When Cardinal Joseph Ratzinger spoke to his fellow bishops on the subject of conscience and law in 1991, he referred to Socrates, the pagan, as being, in a certain respect, “the prophet of Jesus Christ”. So perhaps we should think about the part Socrates played in the history of human thought. He is not easy to pin down, for tradition tells us that he wrote nothing. We only know him through writers such as Xenophon and Plato; and Plato, his student, undoubtedly extended his master’s teaching to fortify his own philosophy.
Charitably assuming that Socrates was not illiterate, this in itself is significant. He held that to write things down was to close the argument. But he taught that knowledge was a dynamic process: we can never claim to know the truth and the best we can do is to recognise our ignorance. In that way, we beat down the barriers to knowledge.
The Oracle at Delphi had declared that there was no man wiser than Socrates. He was ready to challenge even the Oracle and set about quizzing statesmen, poets and craftsmen to establish their wisdom. He found that they shared a common error: they all believed that they knew things which they did not know. His superior wisdom, he concluded, was that he knew the extent of his own ignorance.
So his first contribution is the reminder that we know very little of reality. Our own understanding of our Christian faith is dynamic: we are all required – whether in dogma or morals – to continue to develop our understanding. We must question, challenge and explore. And we may make the better progress if, in humility, we accept how little we know. If we cannot always reach the truth we can, at least, reduce our errors. Our need to use metaphor to express things of the spirit reminds us of our limitations.

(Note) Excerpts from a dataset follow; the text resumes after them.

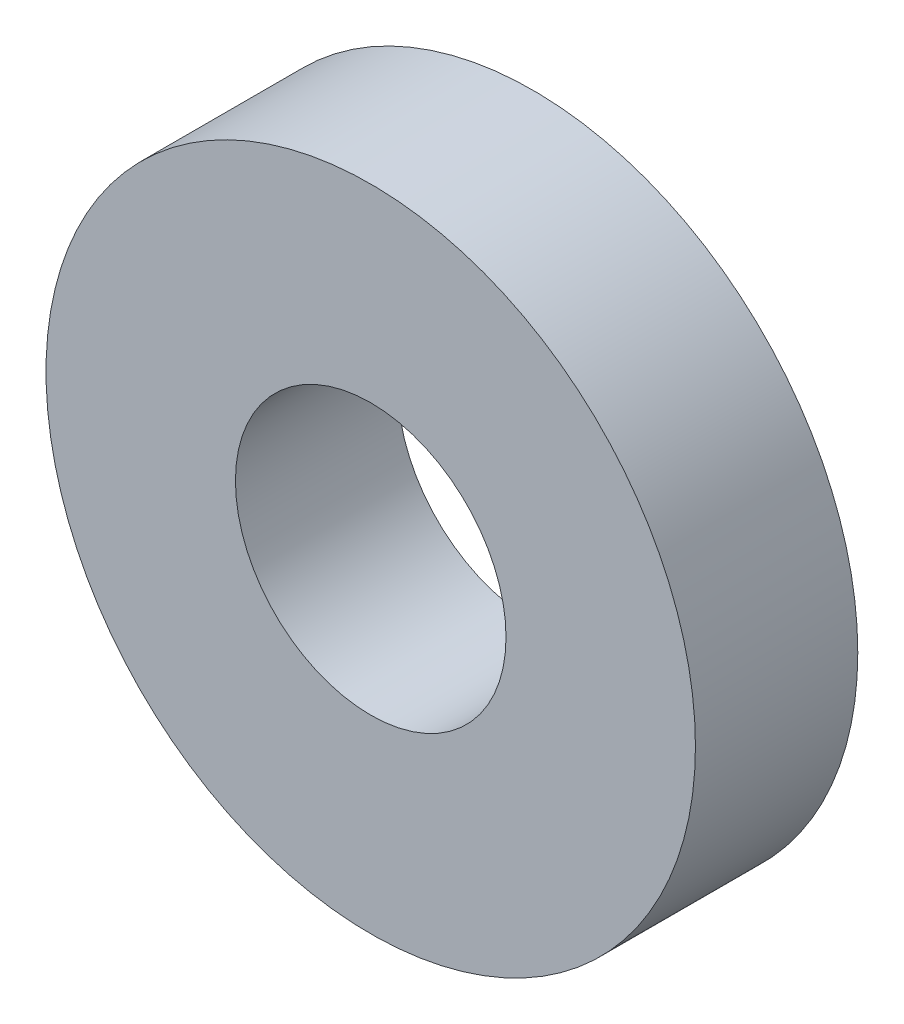
SolidWorks part; units mm, degrees
material "6061-T6 (SS)"
ref_plane "前视基准面" through (0, 0, 0) normal (0, 0, 1) x (1, 0, 0)
ref_plane "上视基准面" through (0, 0, 0) normal (0, 1, 0) x (1, 0, 0)
ref_plane "右视基准面" through (0, 0, 0) normal (1, 0, 0) x (0, 0, -1)
sketch "草图1" plane through (0, 0, 0) normal (0, 0, 1) x (1, 0, 0)
  circle A0 centre (0, 0) radius 12
  circle A1 centre (0, 0) radius 5
  dimension "D1" = 10
  dimension "D2" = 24
extrude "凸台-拉伸1" add sketch "草图1" along normal blind 6

Greek philosophy had been primarily concerned with the nature of the cosmos: the material world. Socrates’s pioneering contribution was his declaration that our real objective was to seek the truth of human life and human affairs. Knowing who we were, and recognising what we should be, were the only important questions. His claim that “the unexamined life is not worth living” has rung in our ears since his trial before his fellow citizens. And the solution was knowledge: in particular the knowledge of the good and, by default, the knowledge of evil. Both he and Ratzinger would agree that it is our failure to reflect deeply on our human condition which leads to error and evil.
Socrates was not popular. Going around pointing out people’s errors is not a recipe for popularity. Indeed, even his friends could find him aggravating as he picked holes in their common-sense ideas. And he did so simply by asking questions, which obliged his victim to discover his errors for himself. Ratzinger used the word “maieutic” for this approach; it relates appropriately to midwifery.
Socrates’s great enemies were the sophists. These were the pseudo-intellectuals who went around Athens selling their false truths. We have plenty of these nowadays on our media. And Socrates could easily be made a figure of fun. Aristophanes’s comedy The Clouds was, and remains, popular. The general and public view was that Socrates was a comic old idiot, subject to mysterious superstitions and capable of “making the weaker argument defeat the stronger”. That view is a familiar experience for us in an agnostic society.
More serious was the attitude of the authorities. In a volatile society fragmented by the Spartan wars, Socrates’s pupils were often young aristocrats – who were seen as potential enemies of the state. Among them, unfortunately, was Alcibiades, who was to desert Athens for Sparta. Socrates was accused of corrupting youth, and it was this that led to his trial and execution. He might have escaped execution through bribery but, arguing with his friend Crito, he provided a classic apologia for the implicit contract between the citizen and the state, to which he had to defer. He was true to his principles and drank his hemlock.
If you have a spare lifetime you might consider one problem Socrates leaves with us: does God love the good because the good is lovable? Or is the good lovable because God loves it? Put another way, does the good exist independently of God? Or does God define the good arbitrarily? If you can answer that, you will have outplayed the myriad philosophers who have attempted to solve it over two millennia.
Throughout history we have associated great developments in human understanding with heroic individuals. Historians will often quarrel with such simplification, perhaps rightly. But we like our heroes, and recognising Socrates as the prophet of moral virtue to be consummated in Christ, is an indulgence I am happy to grant myself.